Por isso a Bíblia fala tanto na importância de auxiliar os órfãos e as viúvas. Os filhos abandonados precisavam aceitar qualquer emprego para ter o que comer, mesmo que isso significasse serviços arriscados, que poderiam lhes custar a vida. Muitas mulheres recorriam à prostituição.
A não ser que a mulher nascesse como princesa ou fosse de uma família nobre muito rica e importante, não havia muitas opções para ela. Prostituir-se, mendigar ou se casar? Prostituindo-se ela poderia morrer de alguma doença venérea. Mendigando nas ruas ela poderia morrer de fome, de frio ou de alguma doença oportunista. E ao se casar, havia uma grande chance de morrer no parto de algum dos dez ou vinte filhos que ela gerasse.
Eram tempos bem difíceis para as mulheres. Ainda mais do que hoje. A maior parte preferia morrer de tanto ter filhos, pois ao menos casar e gerar filhos tinha seus momentos felizes e um status social.
Felizmente, graças a diferentes religiões que surgiram no mundo, a vida das mulheres se tornou menos miserável. Com o princípio da caridade, comum a tantas religiões, mais pessoas consideravam um dever espiritual e sagrado dar esmolas aos órfãos e viúvas. O próprio profeta Maomé era um defensor dos direitos das mulheres, embora infelizmente em tempos recentes alguns façam interpretações fundamentalistas do Alcorão de forma a tirar seus direitos.
Mas isso não foi tudo: a possibilidade da vida monástica para mulheres foi um dos fatores mais importantes para a libertação delas. Isso também foi verdadeiro para a Índia, já que em religiões como hinduísmo, budismo e jainismo também existe essa perspectiva.
É verdade que desde o começo não havia direitos iguais para homens e mulheres monges e isso é verdade para várias religiões. Até hoje as monjas no budismo Theravada lutam por direitos básicos. Ainda assim, ser monja ainda parecia um destino melhor do que imolar-se no fogo quando o marido morria, um costume indiano para viúvas conhecido como Sati, que só se tornou ilegal em 1987.
O filme “Water” de Deepa Mehta, que eu assisti uns dez anos atrás, conta um pouco sobre como é a vida de viúvas num Ashram em Varanasi, começando com a história de uma menina de oito anos que se casa com um homem algumas décadas mais velho que ela, que subitamente morre. Ela se torna viúva aos oito anos e deve seguir a tradição das viúvas, raspando a cabeça e se vestindo de branco, passando o resto de sua vida num ashram como renúncia.
Eu tive vários debates na internet com amigos indianos naquela época, questionando porque havia tão poucos direitos para monjas mulheres no budismo Theravada. Por que uma monja precisa se levantar cada vez que um monge entra? Por que as monjas sempre devem servir sua comida após os monges e só podem caminhar atrás deles? Isso acontece até hoje e pude presenciar num mosteiro em que fiz retiro em 2012.
Enquanto os monges devem seguir cerca de 200 regras no Patimokkha, as monjas devem seguir mais de 300, incluindo a proibição de andar sozinhas como os monges, só podendo sair de duas em duas.
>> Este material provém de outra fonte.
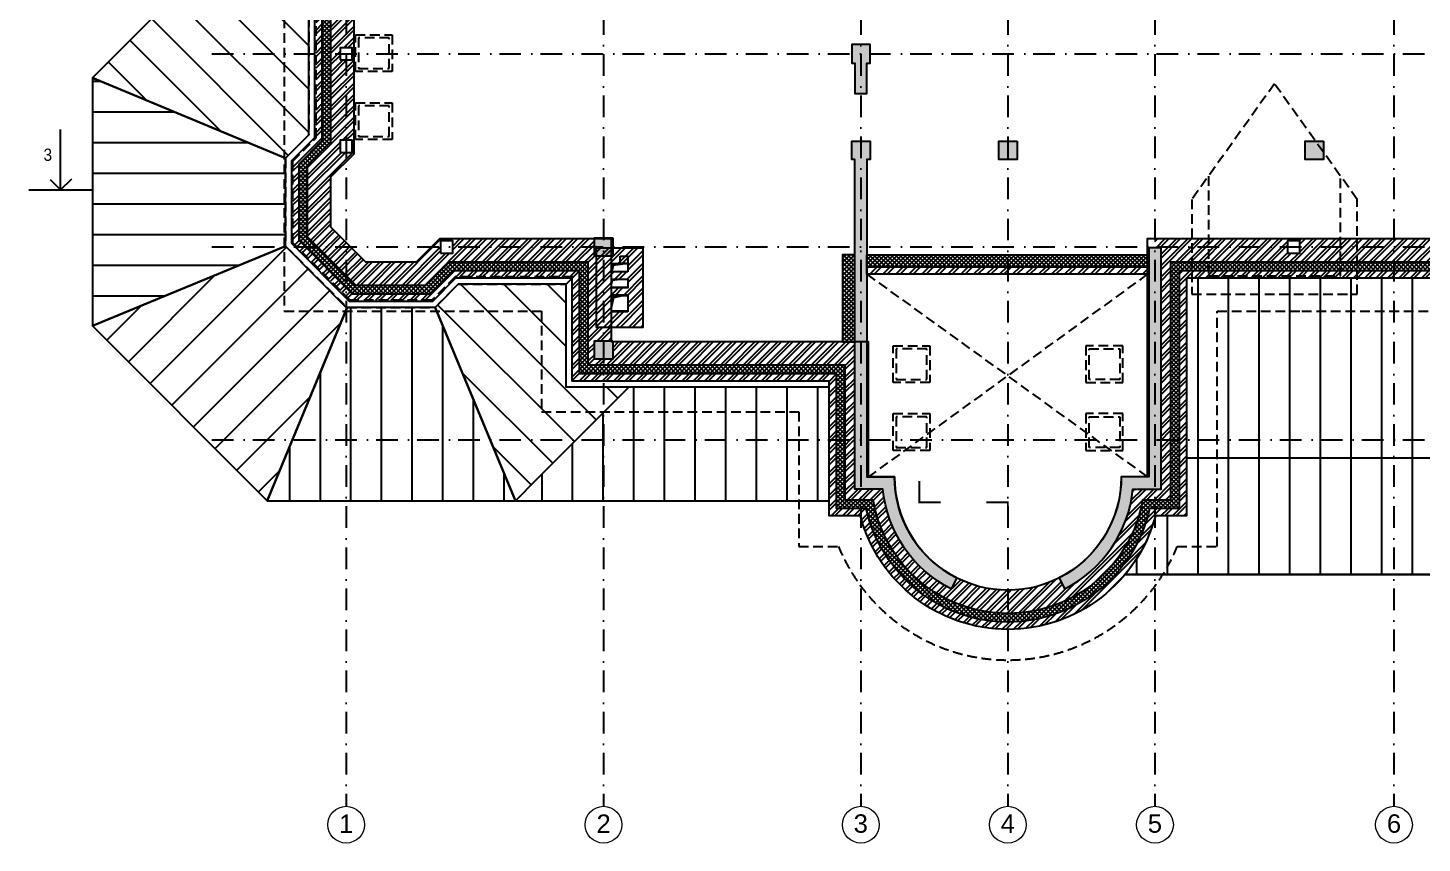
# Model space of a CAD drawing. Header units: millimetres. Extents: x 1177761 to 1329492, y 746793 to 827002.
# Drawn here: x 1225678 to 1248433, y 779421 to 792721 of the extents above; entities that cross this region are included whole.
import ezdxf

# ---------------------------------------------------------------- set-up
doc = ezdxf.new("R2010")
doc.units = ezdxf.units.MM
doc.linetypes.add('HIDDEN', pattern=[9.524999999999999, 6.35, -3.175])
doc.linetypes.add('Tengelyvonal', pattern=[670.2780000000002, 352.7780000000001, -176.389, 0, -141.1110000000001])
for name, color, linetype in [('axis', 40, 'Continuous'), ('roof hatch', 253, 'Continuous'), ('seiling', 7, 'Continuous'), ('text', 7, 'Continuous')]:
    doc.layers.add(name, color=color, linetype=linetype)
for name, color, linetype, lineweight in [('roof', 251, 'Continuous', 15), ('wall', 5, 'Continuous', 30), ('wall hatch', 251, 'Continuous', 15)]:
    doc.layers.add(name, color=color, linetype=linetype, lineweight=lineweight)
doc.styles.add('GENERATED_STYLE_10', font='')
doc.styles.get("Standard").update_dxf_attribs({"font": 'arial.ttf'})
doc.styles.get('GENERATED_STYLE_10').set_extended_font_data('Arial Кириллический')
pattern_1 = [(45, (241950.7361927017, 1638692.937732008), (-92.80776503073436, 92.80776503073437), []), (45, (242012.6080359517, 1638692.937732008), (-92.80776503073436, 92.80776503073437), [])]
pattern_2 = [(45, (241950.7361927017, 1638692.937732008), (-35.35533905932737, 35.35533905932738), []), (135, (241950.7361927017, 1638692.937732008), (-35.35533905932738, -35.35533905932737), [])]

msp = doc.modelspace()

# ---------------------------------------------------------------- hatches: boundary and pattern name
at = {"layer": 'roof hatch', "lineweight": -3, "ltscale": 50}
h = msp.add_hatch(dxfattribs=at)
h.set_pattern_fill('ANSI31', color=256, scale=4000, angle=135, style=0)
h.set_pattern_definition([(180, (107068.3244339103, 1470851.009089514), (-8.526512829121202e-14, -500), [])])
h.paths.add_polyline_path([(1226729.540302648, 787862.4145728125), (1229883.501333268, 789162.6773155446), (1229883.501333268, 790596.6087683007), (1226729.540302648, 791907.8608763376)])
h.paths.add_polyline_path([(1261083.607534041, 789057.7710389475), (1263649.170378444, 786755.6330380143), (1265721.632191716, 784895.965828449), (1265721.675995964, 802228.1131824722), (1261083.60753404, 798031.7319181823)])
h = msp.add_hatch(dxfattribs=at)
h.set_pattern_fill('ANSI31', color=256, scale=4000, angle=45, style=0)
h.set_pattern_definition([(90, (248775.0865137447, 1638802.048426316), (-500, 8.526512829121202e-14), [])])
h.paths.add_polyline_path([(1242335.205074909, 800488.5089542036), (1242509.856553905, 800067.115000741), (1247463.076270178, 800068.9941380509), (1247463.076270178, 800490.6319090999)])
h.paths.add_polyline_path([(1229879.669517779, 799665.1314466267), (1230303.712790347, 799241.2265416732), (1241688.666655505, 799245.9056103509), (1241514.016274181, 799667.300661512)])
h.paths.add_polyline_path([(1251293.97695238, 802228.1131824722), (1252014.53430088, 801507.5558339718), (1261082.958299007, 801508.440847832), (1261083.60753404, 798031.7319181823), (1265721.675995964, 802228.1131824722)])
h.paths.add_polyline_path([(1265721.632191716, 784895.965828449), (1261083.607534041, 789057.7710389475), (1261083.607534041, 788615.3002475797), (1261083.607534041, 786958.0196898456), (1257188.66789696, 786958.0196898456), (1257188.674206794, 784895.965828449)])
edge = h.paths.add_edge_path()
edge.add_line((1251358.552607101, 788637.7641854353), (1244587.66789696, 788637.7641854355))
edge.add_line((1244587.66789696, 788637.7641854355), (1244587.66789696, 784757.7480688439))
edge.add_line((1244587.667896959, 784757.7480688439), (1244078.771350341, 784757.7480689974))
edge.add_arc((1241672.425573402, 785397.748070409), 2489.99999999999, 320.1715699377554, 345.1062063246521, ccw=False)
edge.add_line((1243584.660434699, 783802.9258749156), (1252361.317745804, 783802.925874915))
edge.add_arc((1254273.552607101, 785397.7480704095), 2490.000000000195, 194.8937936417516, 219.8284300622717, ccw=False)
edge.add_line((1251867.206829786, 784757.7480704088), (1251358.552607101, 784757.7480704087))
edge.add_line((1251358.552607101, 784757.7480704087), (1251358.552607101, 788637.7641854353))
h = msp.add_hatch(dxfattribs=at)
h.set_pattern_fill('ANSI31', color=256, scale=4000, angle=90, style=0)
h.set_pattern_definition([(135, (107068.3244339103, 1470851.009089514), (-353.5533905932738, -353.5533905932737), [])])
h.paths.add_polyline_path([(1235485.131323548, 786858.0358344944), (1234461.79638973, 786858.0358344944), (1234461.79638973, 788538.0358344947), (1232699.709784324, 788538.0358344944), (1232322.539748033, 788160.8287916188), (1233634.662652286, 785007.5671632339), (1233979.66544111, 785352.2737779205)])
h.paths.add_polyline_path([(1226729.540302648, 791907.8608763376), (1229883.501333268, 790596.6087683007), (1230262.427838881, 790975.5160846402), (1230262.452779798, 793077.0432132771), (1229570.132250626, 794748.4528243142)])
h = msp.add_hatch(dxfattribs=at)
h.set_pattern_fill('ANSI31', color=256, scale=4000, style=0)
h.set_pattern_definition([(45, (107068.3244339103, 1470851.009089514), (-353.5533905932737, 353.5533905932738), [])])
h.paths.add_polyline_path([(1229582.32033283, 785007.4677261225), (1230884.677562623, 788150.0647854359), (1229883.501333268, 789162.6773155446), (1226729.540302648, 787862.4145728125)])
h = msp.add_hatch(dxfattribs=at)
h.set_pattern_fill('ANSI31', color=256, scale=4000, angle=45, style=0)
h.set_pattern_definition([(90, (241950.7361927017, 1638802.048426316), (-500, 8.526512829121202e-14), [])])
h.paths.add_polyline_path([(1233634.662652286, 785007.5671632339), (1232322.539748033, 788160.8287916188), (1230889.138389451, 788160.8287916189), (1229582.32033283, 785007.4677261225)])
h = msp.add_hatch(dxfattribs=at)
h.set_pattern_fill('ANSI31', color=256, scale=4000, angle=45, style=0)
h.set_pattern_definition([(90, (107068.3244339103, 1470851.009089514), (-500, 8.526512829121202e-14), [])])
h.paths.add_polyline_path([(1238757.5526071, 786858.0358344943), (1235485.131323548, 786858.0358344944), (1233979.66544111, 785352.2737779205), (1233634.662652286, 785007.5671632338), (1238757.5526071, 785007.5671632339)])
at = {"layer": 'seiling', "lineweight": -3, "ltscale": 50}
h = msp.add_hatch(color=256, dxfattribs=at)
h.paths.add_polyline_path([(1235201.79638973, 788622.7480704087), (1235471.796389729, 788622.7480704087), (1235233.078765918, 788590.8111589833), (1235201.79638973, 788487.7480704087)])
h.paths.add_polyline_path([(1235201.79638973, 788367.7480704087), (1235471.796389729, 788367.7480704087), (1235240.475255117, 788329.0692050204), (1235201.79638973, 788097.7480704087)])
at = {"layer": 'wall', "lineweight": -3, "ltscale": 2}
for points in [[(1235201.79638973, 788877.7480704078), (1235471.796389729, 788877.7480704078), (1235231.927566869, 788845.8342098332), (1235201.79638973, 788742.7480704078)], [(1235201.79638973, 788622.7480704078), (1235471.796389729, 788622.7480704078), (1235231.927566869, 788590.8342098332), (1235201.79638973, 788487.7480704078)], [(1235201.79638973, 788357.7480704078), (1235471.796389729, 788357.7480704078), (1235251.707766437, 788307.8366936989), (1235201.79638973, 788087.7480704078)]]:
    msp.add_hatch(color=252, dxfattribs=at).paths.add_polyline_path(points)
at = {"layer": 'wall hatch', "lineweight": -3, "ltscale": 100}
h = msp.add_hatch(dxfattribs=at)
h.set_pattern_fill('ANSI37', color=256, scale=400, style=0)
h.set_pattern_definition(pattern_2)
edge = h.paths.add_edge_path()
edge.add_line((1234681.79638973, 787078.0358344946), (1234681.79638973, 788757.6283994674))
edge.add_line((1234681.79638973, 788757.6283994674), (1232608.561275435, 788757.9974880001))
edge.add_line((1232608.561275435, 788757.9974880001), (1232229.810368386, 788379.2465809503))
edge.add_line((1232229.810368386, 788379.2465809503), (1230978.059051584, 788379.2465809503))
edge.add_line((1230978.059051584, 788379.2465809503), (1230103.501333268, 789253.8042992664))
edge.add_line((1230103.501333268, 789253.8042992664), (1230103.501333268, 790505.4485963134))
edge.add_line((1230103.501333268, 790505.4485963134), (1230482.344096689, 790884.2913597341))
edge.add_line((1230482.344096689, 790884.2913597341), (1230482.344096689, 793570.3704458779))
edge.add_line((1230482.344096689, 793570.3704458779), (1231700.182744267, 794788.2090934555))
edge.add_line((1231700.182744267, 794788.2090934555), (1234681.79638973, 794788.2090934552))
edge.add_line((1234681.79638973, 794788.2090934552), (1234681.79638973, 799088.5934976874))
edge.add_line((1234681.79638973, 799088.5934976874), (1234937.199709812, 799088.5934976877))
edge.add_line((1234937.199709812, 799088.5934976877), (1241783.967040154, 799088.5934976763))
edge.add_line((1241783.967040154, 799088.5934976763), (1242583.890715231, 799888.5171727542))
edge.add_line((1242583.890715231, 799888.5171727542), (1247583.076270178, 799888.517172754))
edge.add_line((1247583.076270178, 799888.517172754), (1247583.076270178, 801031.5169935696))
edge.add_line((1247583.076270178, 801031.5169935696), (1248659.67245908, 802108.1131824723))
edge.add_line((1248659.67245908, 802108.1131824723), (1251244.271324895, 802108.1131824723))
edge.add_line((1251244.271324895, 802108.1131824723), (1251963.943659535, 801388.440847832))
edge.add_line((1251963.943659535, 801388.440847832), (1259148.283959487, 801388.440847832))
edge.add_line((1259148.283959487, 801388.440847832), (1259148.283959487, 795878.2090934552))
edge.add_line((1259148.283959487, 795878.2090934552), (1260963.60753404, 795878.2090934553))
edge.add_line((1260963.60753404, 795878.2090934553), (1260963.607534041, 787078.0196898456))
edge.add_line((1260963.607534041, 787078.0196898456), (1257068.66789696, 787078.0196898455))
edge.add_line((1257068.66789696, 787078.0196898455), (1257068.667896959, 784877.7480704088))
edge.add_line((1257068.667896959, 784877.7480704088), (1256585.802593586, 784877.7480704088))
edge.add_arc((1254273.552607101, 785397.7480704088), 2370.000000000085, 192.674339704931, 347.325660295069, ccw=False)
edge.add_line((1251961.302620616, 784877.7480704088), (1251478.552607101, 784877.7480704088))
edge.add_line((1251478.552607101, 784877.7480704088), (1251478.552607101, 788757.7641854353))
edge.add_line((1251478.552607101, 788757.7641854353), (1249477.835035534, 788757.7641854353))
edge.add_line((1249477.835035534, 788757.7641854353), (1246468.316693662, 788757.7641854353))
edge.add_line((1246468.316693662, 788757.7641854353), (1244467.667896959, 788757.7641854355))
edge.add_line((1244467.667896959, 788757.7641854355), (1244467.667896959, 784877.7480688802))
edge.add_line((1244467.667896959, 784877.7480688802), (1243984.675559576, 784877.7480690258))
edge.add_arc((1241672.425573402, 785397.7480704088), 2370.000000000049, 192.6743397046523, 347.3256602607987, ccw=False)
edge.add_line((1239360.175586914, 784877.7480704201), (1238877.5526071, 784877.7480705655))
edge.add_line((1238877.5526071, 784877.7480705655), (1238877.5526071, 787078.0358344945))
edge.add_line((1238877.5526071, 787078.0358344945), (1234681.79638973, 787078.0358344946))
edge = h.paths.add_edge_path(flags=16)
edge.add_line((1234821.79638973, 787218.0358344946), (1234821.79638973, 788897.6034781284))
edge.add_line((1234821.79638973, 788897.6034781284), (1232550.581700759, 788898.0078120562))
edge.add_line((1232550.581700759, 788898.0078120562), (1232171.820469654, 788519.2465809503))
edge.add_line((1232171.820469654, 788519.2465809503), (1231036.048950317, 788519.2465809503))
edge.add_line((1231036.048950317, 788519.2465809503), (1230243.501333268, 789311.7941979987))
edge.add_line((1230243.501333268, 789311.7941979987), (1230243.501333268, 790447.4586975812))
edge.add_line((1230243.501333268, 790447.4586975812), (1230622.344096689, 790826.301461002))
edge.add_line((1230622.344096689, 790826.301461002), (1230622.344096689, 793512.3805471457))
edge.add_line((1230622.344096689, 793512.3805471457), (1231758.172642999, 794648.2090934555))
edge.add_line((1231758.172642999, 794648.2090934555), (1234821.79638973, 794648.2090934552))
edge.add_line((1234821.79638973, 794648.2090934552), (1234821.79638973, 798948.5934976876))
edge.add_line((1234821.79638973, 798948.5934976876), (1234937.199709813, 798948.5934976877))
edge.add_line((1234937.199709813, 798948.5934976877), (1241841.956938886, 798948.5934976762))
edge.add_line((1241841.956938886, 798948.5934976762), (1242641.880613963, 799748.5171727542))
edge.add_line((1242641.880613963, 799748.5171727542), (1247723.076270178, 799748.517172754))
edge.add_line((1247723.076270178, 799748.517172754), (1247723.076270178, 800973.5270948373))
edge.add_line((1247723.076270178, 800973.5270948373), (1248717.662357812, 801968.1131824723))
edge.add_line((1248717.662357812, 801968.1131824723), (1251186.281426162, 801968.1131824723))
edge.add_line((1251186.281426162, 801968.1131824723), (1251905.953760803, 801248.440847832))
edge.add_line((1251905.953760803, 801248.440847832), (1259008.283959487, 801248.440847832))
edge.add_line((1259008.283959487, 801248.440847832), (1259008.283959487, 795738.2090934552))
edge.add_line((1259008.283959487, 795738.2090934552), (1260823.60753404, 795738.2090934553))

Quanto ao jainismo, ele é dividido em duas seitas: Digambar e Svetambar. Para essa primeira seita, as mulheres devem renascer como homens para atingir a iluminação e possuem poucos direitos e reconhecimento na vida monástica. As coisas funcionam assim até hoje.
Perto disso, os direitos das monjas e freiras na Igreja Católica parecem muito maiores. Mas isso não significa que também não existam problemas.
Santa Teresa de Ávila admite em um dos seus livros que um dos motivos que a levou considerar tornar-se monja foi o medo de morrer no parto. Afinal, ela via muitas mulheres morrendo no parto na época em que ela vivia.
Mas qual a outra opção para uma mulher além de casar-se e ter filhos? Entrar para a vida consagrada. Se Santa Teresa vivesse nos dias de hoje, talvez tivesse escolhido outro caminho de vida. Mas naquele tempo simplesmente não havia mais opções.
Santa Catarina de Siena, aos dezesseis anos, estava sendo pressionada pelos pais a se casar. Em protestos, fez jejum e cortou os cabelos. Ela não queria se casar. Qual opção restava? É possível que muitas dessas santas tivessem uma autêntica vocação para a vida consagrada, mas certamente as circunstâncias difíceis da época as pressionavam a tomar uma decisão sobre suas vidas o quanto antes.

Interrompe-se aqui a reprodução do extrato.